大きく法に逸れる事はしないが内心では自分の得や利を考える。
自分より恵まれている奴を妬み、自分より下にいる人間を見下して暗い優越感を感じる。
そんなどこにでもいるような、普通の……ややダメ人間寄りではあるが、どこにでもいる人間に見える。
表向きは暗く真面目に見えるが、その実内心では色々と愉快な事を考えている……がそれも別段おかしな事ではない。内弁慶やネット弁慶など今の世には掃いて捨てる程存在する。
少なくとも、初対面で分かるようなあからさまな異常性などは有していない。
虫や小動物を痛めつけて喜ぶような趣味はないし、漫画やアニメにゲーム、海外の映画などの架空の世界を楽しむという今の世界では当たり前の趣味もある。
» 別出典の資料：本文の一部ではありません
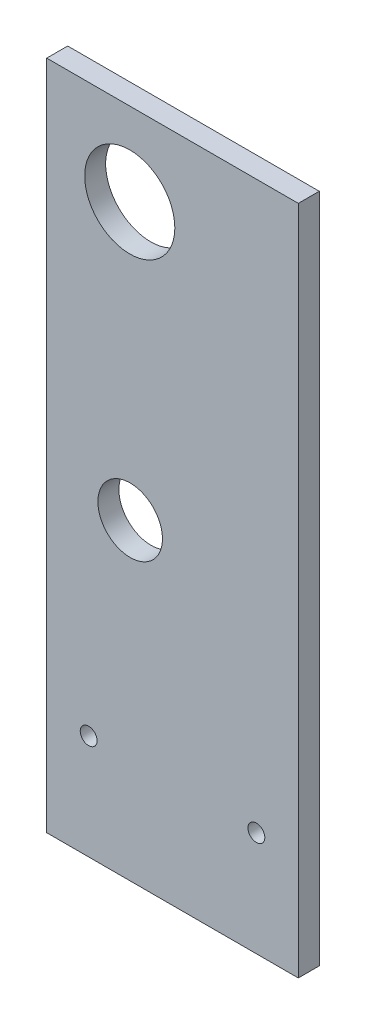
ISO-10303-21;
HEADER;
FILE_DESCRIPTION(('STEP AP214'),'2;1');
FILE_NAME('part.step','',(''),(''),'','','');
FILE_SCHEMA(('AUTOMOTIVE_DESIGN { 1 0 10303 214 1 1 1 1 }'));
ENDSEC;
DATA;
#1=APPLICATION_CONTEXT('core data for automotive mechanical design processes');
#2=APPLICATION_PROTOCOL_DEFINITION('international standard','automotive_design',2000,#1);
#3=PRODUCT_CONTEXT('',#1,'mechanical');
#4=PRODUCT('Part','Part','',(#3));
#5=PRODUCT_RELATED_PRODUCT_CATEGORY('part','',(#4));
#6=PRODUCT_DEFINITION_FORMATION('','',#4);
#7=PRODUCT_DEFINITION_CONTEXT('part definition',#1,'design');
#8=PRODUCT_DEFINITION('design','',#6,#7);
#9=PRODUCT_DEFINITION_SHAPE('','',#8);
#10=(LENGTH_UNIT() NAMED_UNIT(*) SI_UNIT(.MILLI.,.METRE.));
#11=(NAMED_UNIT(*) PLANE_ANGLE_UNIT() SI_UNIT($,.RADIAN.));
#12=(NAMED_UNIT(*) SI_UNIT($,.STERADIAN.) SOLID_ANGLE_UNIT());
#13=UNCERTAINTY_MEASURE_WITH_UNIT(LENGTH_MEASURE(1.E-05),#10,'distance_accuracy_value','');
#14=(GEOMETRIC_REPRESENTATION_CONTEXT(3) GLOBAL_UNCERTAINTY_ASSIGNED_CONTEXT((#13)) GLOBAL_UNIT_ASSIGNED_CONTEXT((#10,
#11,#12)) REPRESENTATION_CONTEXT('',''));
#15=CARTESIAN_POINT('',(0.,0.,0.));
#16=DIRECTION('',(0.,0.,1.));
#17=DIRECTION('',(1.,0.,0.));
#18=AXIS2_PLACEMENT_3D('',#15,#16,#17);
#19=CARTESIAN_POINT('',(-62.9053069719043,37.9942767950052,6.35));
#20=DIRECTION('',(1.,0.,0.));
#21=DIRECTION('',(0.,1.,0.));
#22=AXIS2_PLACEMENT_3D('',#19,#20,#21);
#23=PLANE('',#22);
#24=DIRECTION('',(0.,-1.,0.));
#25=VECTOR('',#24,1.);
#26=CARTESIAN_POINT('',(-62.9053069719043,37.9942767950052,0.));
#27=LINE('',#26,#25);
#28=CARTESIAN_POINT('',(-62.9053069719043,37.9942767950052,0.));
#29=VERTEX_POINT('',#28);
#30=CARTESIAN_POINT('',(-62.9053069719042,-165.205723204995,0.));
#31=VERTEX_POINT('',#30);
#32=EDGE_CURVE('E110',#29,#31,#27,.T.);
#33=ORIENTED_EDGE('',*,*,#32,.T.);
#34=DIRECTION('',(0.,0.,-1.));
#35=VECTOR('',#34,1.);
#36=CARTESIAN_POINT('',(-62.9053069719042,-165.205723204995,6.35));
#37=LINE('',#36,#35);
#38=CARTESIAN_POINT('',(-62.9053069719042,-165.205723204995,6.35));
#39=VERTEX_POINT('',#38);
#40=EDGE_CURVE('E11',#39,#31,#37,.T.);
#41=ORIENTED_EDGE('',*,*,#40,.F.);
#42=DIRECTION('',(0.,-1.,0.));
#43=VECTOR('',#42,1.);
#44=CARTESIAN_POINT('',(-62.9053069719043,37.9942767950052,6.35));
#45=LINE('',#44,#43);
#46=CARTESIAN_POINT('',(-62.9053069719043,37.9942767950052,6.35));
#47=VERTEX_POINT('',#46);
#48=EDGE_CURVE('E94',#47,#39,#45,.T.);
#49=ORIENTED_EDGE('',*,*,#48,.F.);
#50=DIRECTION('',(0.,0.,-1.));
#51=VECTOR('',#50,1.);
#52=CARTESIAN_POINT('',(-62.9053069719043,37.9942767950052,6.35));
#53=LINE('',#52,#51);
#54=EDGE_CURVE('E106',#47,#29,#53,.T.);
#55=ORIENTED_EDGE('',*,*,#54,.T.);
#56=EDGE_LOOP('',(#33,#41,#49,#55));
#57=FACE_BOUND('',#56,.T.);
#58=ADVANCED_FACE('F42',(#57),#23,.F.);
#59=CARTESIAN_POINT('',(-62.9053069719042,-165.205723204995,6.35));
#60=DIRECTION('',(0.,1.,0.));
#61=DIRECTION('',(0.,0.,1.));
#62=AXIS2_PLACEMENT_3D('',#59,#60,#61);
#63=PLANE('',#62);
#64=DIRECTION('',(1.,0.,0.));
#65=VECTOR('',#64,1.);
#66=CARTESIAN_POINT('',(-62.9053069719042,-165.205723204995,0.));
#67=LINE('',#66,#65);
#68=CARTESIAN_POINT('',(13.2946930280958,-165.205723204995,0.));
#69=VERTEX_POINT('',#68);
#70=EDGE_CURVE('E99',#31,#69,#67,.T.);
#71=ORIENTED_EDGE('',*,*,#70,.T.);
#72=DIRECTION('',(0.,0.,-1.));
#73=VECTOR('',#72,1.);
#74=CARTESIAN_POINT('',(13.2946930280958,-165.205723204995,6.35));
#75=LINE('',#74,#73);
#76=CARTESIAN_POINT('',(13.2946930280958,-165.205723204995,6.35));
#77=VERTEX_POINT('',#76);
#78=EDGE_CURVE('E51',#77,#69,#75,.T.);
#79=ORIENTED_EDGE('',*,*,#78,.F.);
#80=DIRECTION('',(1.,0.,0.));
#81=VECTOR('',#80,1.);
#82=CARTESIAN_POINT('',(-62.9053069719042,-165.205723204995,6.35));
#83=LINE('',#82,#81);
#84=EDGE_CURVE('E89',#39,#77,#83,.T.);
#85=ORIENTED_EDGE('',*,*,#84,.F.);
#86=ORIENTED_EDGE('',*,*,#40,.T.);
#87=EDGE_LOOP('',(#71,#79,#85,#86));
#88=FACE_BOUND('',#87,.T.);
#89=ADVANCED_FACE('F98',(#88),#63,.F.);
#90=CARTESIAN_POINT('',(13.2946930280957,37.9942767950052,6.35));
#91=DIRECTION('',(-1.,0.,0.));
#92=DIRECTION('',(0.,-1.,0.));
#93=AXIS2_PLACEMENT_3D('',#90,#91,#92);
#94=PLANE('',#93);
#95=DIRECTION('',(0.,1.,0.));
#96=VECTOR('',#95,1.);
#97=CARTESIAN_POINT('',(13.2946930280957,37.9942767950052,0.));
#98=LINE('',#97,#96);
#99=CARTESIAN_POINT('',(13.2946930280957,37.9942767950052,0.));
#100=VERTEX_POINT('',#99);
#101=EDGE_CURVE('E76',#69,#100,#98,.T.);
#102=ORIENTED_EDGE('',*,*,#101,.T.);
#103=DIRECTION('',(0.,0.,-1.));
#104=VECTOR('',#103,1.);
#105=CARTESIAN_POINT('',(13.2946930280957,37.9942767950052,6.35));
#106=LINE('',#105,#104);
#107=CARTESIAN_POINT('',(13.2946930280957,37.9942767950052,6.35));
#108=VERTEX_POINT('',#107);
#109=EDGE_CURVE('E101',#108,#100,#106,.T.);
#110=ORIENTED_EDGE('',*,*,#109,.F.);
#111=DIRECTION('',(0.,1.,0.));
#112=VECTOR('',#111,1.);
#113=CARTESIAN_POINT('',(13.2946930280957,37.9942767950052,6.35));
#114=LINE('',#113,#112);
#115=EDGE_CURVE('E92',#77,#108,#114,.T.);
#116=ORIENTED_EDGE('',*,*,#115,.F.);
#117=ORIENTED_EDGE('',*,*,#78,.T.);
#118=EDGE_LOOP('',(#102,#110,#116,#117));
#119=FACE_BOUND('',#118,.T.);
#120=ADVANCED_FACE('F102',(#119),#94,.F.);
#121=CARTESIAN_POINT('',(-62.9053069719043,37.9942767950052,6.35));
#122=DIRECTION('',(0.,-1.,0.));
#123=DIRECTION('',(0.,0.,-1.));
#124=AXIS2_PLACEMENT_3D('',#121,#122,#123);
#125=PLANE('',#124);
#126=DIRECTION('',(-1.,0.,0.));
#127=VECTOR('',#126,1.);
#128=CARTESIAN_POINT('',(-62.9053069719043,37.9942767950052,0.));
#129=LINE('',#128,#127);
#130=EDGE_CURVE('E82',#100,#29,#129,.T.);
#131=ORIENTED_EDGE('',*,*,#130,.T.);
#132=ORIENTED_EDGE('',*,*,#54,.F.);
#133=DIRECTION('',(-1.,0.,0.));
#134=VECTOR('',#133,1.);
#135=CARTESIAN_POINT('',(-62.9053069719043,37.9942767950052,6.35));
#136=LINE('',#135,#134);
#137=EDGE_CURVE('E59',#108,#47,#136,.T.);
#138=ORIENTED_EDGE('',*,*,#137,.F.);
#139=ORIENTED_EDGE('',*,*,#109,.T.);
#140=EDGE_LOOP('',(#131,#132,#138,#139));
#141=FACE_BOUND('',#140,.T.);
#142=ADVANCED_FACE('F124',(#141),#125,.F.);
#143=CARTESIAN_POINT('',(0.,0.,6.35));
#144=DIRECTION('',(0.,0.,1.));
#145=DIRECTION('',(1.,0.,0.));
#146=AXIS2_PLACEMENT_3D('',#143,#144,#145);
#147=PLANE('',#146);
#148=CARTESIAN_POINT('',(-37.7593069719043,12.8482767950053,6.35));
#149=DIRECTION('',(0.,0.,1.));
#150=DIRECTION('',(1.,0.,0.));
#151=AXIS2_PLACEMENT_3D('',#148,#149,#150);
#152=CIRCLE('',#151,13.6525);
#153=CARTESIAN_POINT('',(-24.1068069719043,12.8482767950053,6.35));
#154=VERTEX_POINT('',#153);
#155=EDGE_CURVE('E158',#154,#154,#152,.T.);
#156=ORIENTED_EDGE('',*,*,#155,.F.);
#157=EDGE_LOOP('',(#156));
#158=FACE_BOUND('',#157,.T.);
#159=CARTESIAN_POINT('',(-37.6323069719042,-70.5907232049947,6.34999999999999));
#160=DIRECTION('',(0.,0.,1.));
#161=DIRECTION('',(1.,0.,0.));
#162=AXIS2_PLACEMENT_3D('',#159,#160,#161);
#163=CIRCLE('',#162,9.77899999999999);
#164=CARTESIAN_POINT('',(-27.8533069719043,-70.5907232049947,6.34999999999999));
#165=VERTEX_POINT('',#164);
#166=EDGE_CURVE('E145',#165,#165,#163,.T.);
#167=ORIENTED_EDGE('',*,*,#166,.F.);
#168=EDGE_LOOP('',(#167));
#169=FACE_BOUND('',#168,.T.);
#170=CARTESIAN_POINT('',(-50.2053069719042,-133.455723204995,6.34999999999999));
#171=DIRECTION('',(0.,0.,1.));
#172=DIRECTION('',(1.,0.,0.));
#173=AXIS2_PLACEMENT_3D('',#170,#171,#172);
#174=CIRCLE('',#173,2.55270000000001);
#175=CARTESIAN_POINT('',(-47.6526069719042,-133.455723204995,6.34999999999999));
#176=VERTEX_POINT('',#175);
#177=EDGE_CURVE('E135',#176,#176,#174,.T.);
#178=ORIENTED_EDGE('',*,*,#177,.F.);
#179=EDGE_LOOP('',(#178));
#180=FACE_BOUND('',#179,.T.);
#181=CARTESIAN_POINT('',(0.594693028095776,-133.455723204995,6.34999999999999));
#182=DIRECTION('',(0.,0.,1.));
#183=DIRECTION('',(1.,0.,0.));
#184=AXIS2_PLACEMENT_3D('',#181,#182,#183);
#185=CIRCLE('',#184,2.5527);
#186=CARTESIAN_POINT('',(3.14739302809578,-133.455723204995,6.34999999999999));
#187=VERTEX_POINT('',#186);
#188=EDGE_CURVE('E136',#187,#187,#185,.T.);
#189=ORIENTED_EDGE('',*,*,#188,.F.);
#190=EDGE_LOOP('',(#189));
#191=FACE_BOUND('',#190,.T.);
#192=ORIENTED_EDGE('',*,*,#48,.T.);
#193=ORIENTED_EDGE('',*,*,#84,.T.);
#194=ORIENTED_EDGE('',*,*,#115,.T.);
#195=ORIENTED_EDGE('',*,*,#137,.T.);
#196=EDGE_LOOP('',(#192,#193,#194,#195));
#197=FACE_BOUND('',#196,.T.);
#198=ADVANCED_FACE('F90',(#158,#169,#180,#191,#197),#147,.T.);
#199=CARTESIAN_POINT('',(0.,0.,0.));
#200=DIRECTION('',(0.,0.,1.));
#201=DIRECTION('',(1.,0.,0.));
#202=AXIS2_PLACEMENT_3D('',#199,#200,#201);
#203=PLANE('',#202);
#204=CARTESIAN_POINT('',(-37.7593069719043,12.8482767950053,0.));
#205=DIRECTION('',(0.,0.,1.));
#206=DIRECTION('',(1.,0.,0.));
#207=AXIS2_PLACEMENT_3D('',#204,#205,#206);
#208=CIRCLE('',#207,13.6525);
#209=CARTESIAN_POINT('',(-24.1068069719043,12.8482767950053,0.));
#210=VERTEX_POINT('',#209);
#211=EDGE_CURVE('E140',#210,#210,#208,.F.);
#212=ORIENTED_EDGE('',*,*,#211,.F.);
#213=EDGE_LOOP('',(#212));
#214=FACE_BOUND('',#213,.T.);
#215=CARTESIAN_POINT('',(-37.6323069719042,-70.5907232049947,0.));
#216=DIRECTION('',(0.,0.,1.));
#217=DIRECTION('',(1.,0.,0.));
#218=AXIS2_PLACEMENT_3D('',#215,#216,#217);
#219=CIRCLE('',#218,9.77899999999999);
#220=CARTESIAN_POINT('',(-27.8533069719043,-70.5907232049947,0.));
#221=VERTEX_POINT('',#220);
#222=EDGE_CURVE('E114',#221,#221,#219,.F.);
#223=ORIENTED_EDGE('',*,*,#222,.F.);
#224=EDGE_LOOP('',(#223));
#225=FACE_BOUND('',#224,.T.);
#226=CARTESIAN_POINT('',(-50.2053069719042,-133.455723204995,0.));
#227=DIRECTION('',(0.,0.,1.));
#228=DIRECTION('',(1.,0.,0.));
#229=AXIS2_PLACEMENT_3D('',#226,#227,#228);
#230=CIRCLE('',#229,2.55270000000001);
#231=CARTESIAN_POINT('',(-47.6526069719042,-133.455723204995,0.));
#232=VERTEX_POINT('',#231);
#233=EDGE_CURVE('E141',#232,#232,#230,.F.);
#234=ORIENTED_EDGE('',*,*,#233,.F.);
#235=EDGE_LOOP('',(#234));
#236=FACE_BOUND('',#235,.T.);
#237=CARTESIAN_POINT('',(0.594693028095776,-133.455723204995,0.));
#238=DIRECTION('',(0.,0.,1.));
#239=DIRECTION('',(1.,0.,0.));
#240=AXIS2_PLACEMENT_3D('',#237,#238,#239);
#241=CIRCLE('',#240,2.5527);
#242=CARTESIAN_POINT('',(3.14739302809578,-133.455723204995,0.));
#243=VERTEX_POINT('',#242);
#244=EDGE_CURVE('E131',#243,#243,#241,.F.);
#245=ORIENTED_EDGE('',*,*,#244,.F.);
#246=EDGE_LOOP('',(#245));
#247=FACE_BOUND('',#246,.T.);
#248=ORIENTED_EDGE('',*,*,#32,.F.);
#249=ORIENTED_EDGE('',*,*,#130,.F.);
#250=ORIENTED_EDGE('',*,*,#101,.F.);
#251=ORIENTED_EDGE('',*,*,#70,.F.);
#252=EDGE_LOOP('',(#248,#249,#250,#251));
#253=FACE_BOUND('',#252,.T.);
#254=ADVANCED_FACE('F127',(#214,#225,#236,#247,#253),#203,.F.);
#255=CARTESIAN_POINT('',(0.594693028095776,-133.455723204995,-27.659188852893));
#256=DIRECTION('',(0.,0.,1.));
#257=DIRECTION('',(1.,0.,0.));
#258=AXIS2_PLACEMENT_3D('',#255,#256,#257);
#259=CYLINDRICAL_SURFACE('',#258,2.5527);
#260=ORIENTED_EDGE('',*,*,#244,.T.);
#261=EDGE_LOOP('',(#260));
#262=FACE_BOUND('',#261,.T.);
#263=ORIENTED_EDGE('',*,*,#188,.T.);
#264=EDGE_LOOP('',(#263));
#265=FACE_BOUND('',#264,.T.);
#266=ADVANCED_FACE('F174',(#262,#265),#259,.F.);
#267=CARTESIAN_POINT('',(-50.2053069719042,-133.455723204995,-27.659188852893));
#268=DIRECTION('',(0.,0.,1.));
#269=DIRECTION('',(1.,0.,0.));
#270=AXIS2_PLACEMENT_3D('',#267,#268,#269);
#271=CYLINDRICAL_SURFACE('',#270,2.55270000000001);
#272=ORIENTED_EDGE('',*,*,#233,.T.);
#273=EDGE_LOOP('',(#272));
#274=FACE_BOUND('',#273,.T.);
#275=ORIENTED_EDGE('',*,*,#177,.T.);
#276=EDGE_LOOP('',(#275));
#277=FACE_BOUND('',#276,.T.);
#278=ADVANCED_FACE('F176',(#274,#277),#271,.F.);
#279=CARTESIAN_POINT('',(-37.6323069719042,-70.5907232049947,-27.659188852893));
#280=DIRECTION('',(0.,0.,1.));
#281=DIRECTION('',(1.,0.,0.));
#282=AXIS2_PLACEMENT_3D('',#279,#280,#281);
#283=CYLINDRICAL_SURFACE('',#282,9.77899999999999);
#284=ORIENTED_EDGE('',*,*,#222,.T.);
#285=EDGE_LOOP('',(#284));
#286=FACE_BOUND('',#285,.T.);
#287=ORIENTED_EDGE('',*,*,#166,.T.);
#288=EDGE_LOOP('',(#287));
#289=FACE_BOUND('',#288,.T.);
#290=ADVANCED_FACE('F183',(#286,#289),#283,.F.);
#291=CARTESIAN_POINT('',(-37.7593069719043,12.8482767950053,-38.6151013205974));
#292=DIRECTION('',(0.,0.,1.));
#293=DIRECTION('',(1.,0.,0.));
#294=AXIS2_PLACEMENT_3D('',#291,#292,#293);
#295=CYLINDRICAL_SURFACE('',#294,13.6525);
#296=ORIENTED_EDGE('',*,*,#211,.T.);
#297=EDGE_LOOP('',(#296));
#298=FACE_BOUND('',#297,.T.);
#299=ORIENTED_EDGE('',*,*,#155,.T.);
#300=EDGE_LOOP('',(#299));
#301=FACE_BOUND('',#300,.T.);
#302=ADVANCED_FACE('F163',(#298,#301),#295,.F.);
#303=CLOSED_SHELL('',(#58,#89,#120,#142,#198,#254,#266,#278,#290,#302));
#304=MANIFOLD_SOLID_BREP('B2',#303);
#305=ADVANCED_BREP_SHAPE_REPRESENTATION('',(#18,#304),#14);
#306=SHAPE_DEFINITION_REPRESENTATION(#9,#305);
ENDSEC;
END-ISO-10303-21;

変わり者ではあるかもしれないが、しかし普通の変わり者だ。
『変な奴には違いないが、何処にでもそういう奴はいるよね』という程度でしかない。
だが、やはり何処かがズレていた。
例えばそれは子供の頃。
通学路の途中で、車にひかれた猫
友人達はそれを怖がっていたし、直視しないようにしていた。
だが新人はそこに恐怖や嫌悪感を感じなかった。直視しても気持ち悪いとは別に思わなかった。
猫を可哀想だと憐れんだし、轢き殺した運転手には酷い事をするなと微かな義憤も抱いた。
だが、他の皆が持つ『何か』が彼には無かった。
例えばそれは中学生の頃。
何の落ち度もない同級生の少女が、ただ目を付けられたというだけで同じクラスの男達に苛められていた。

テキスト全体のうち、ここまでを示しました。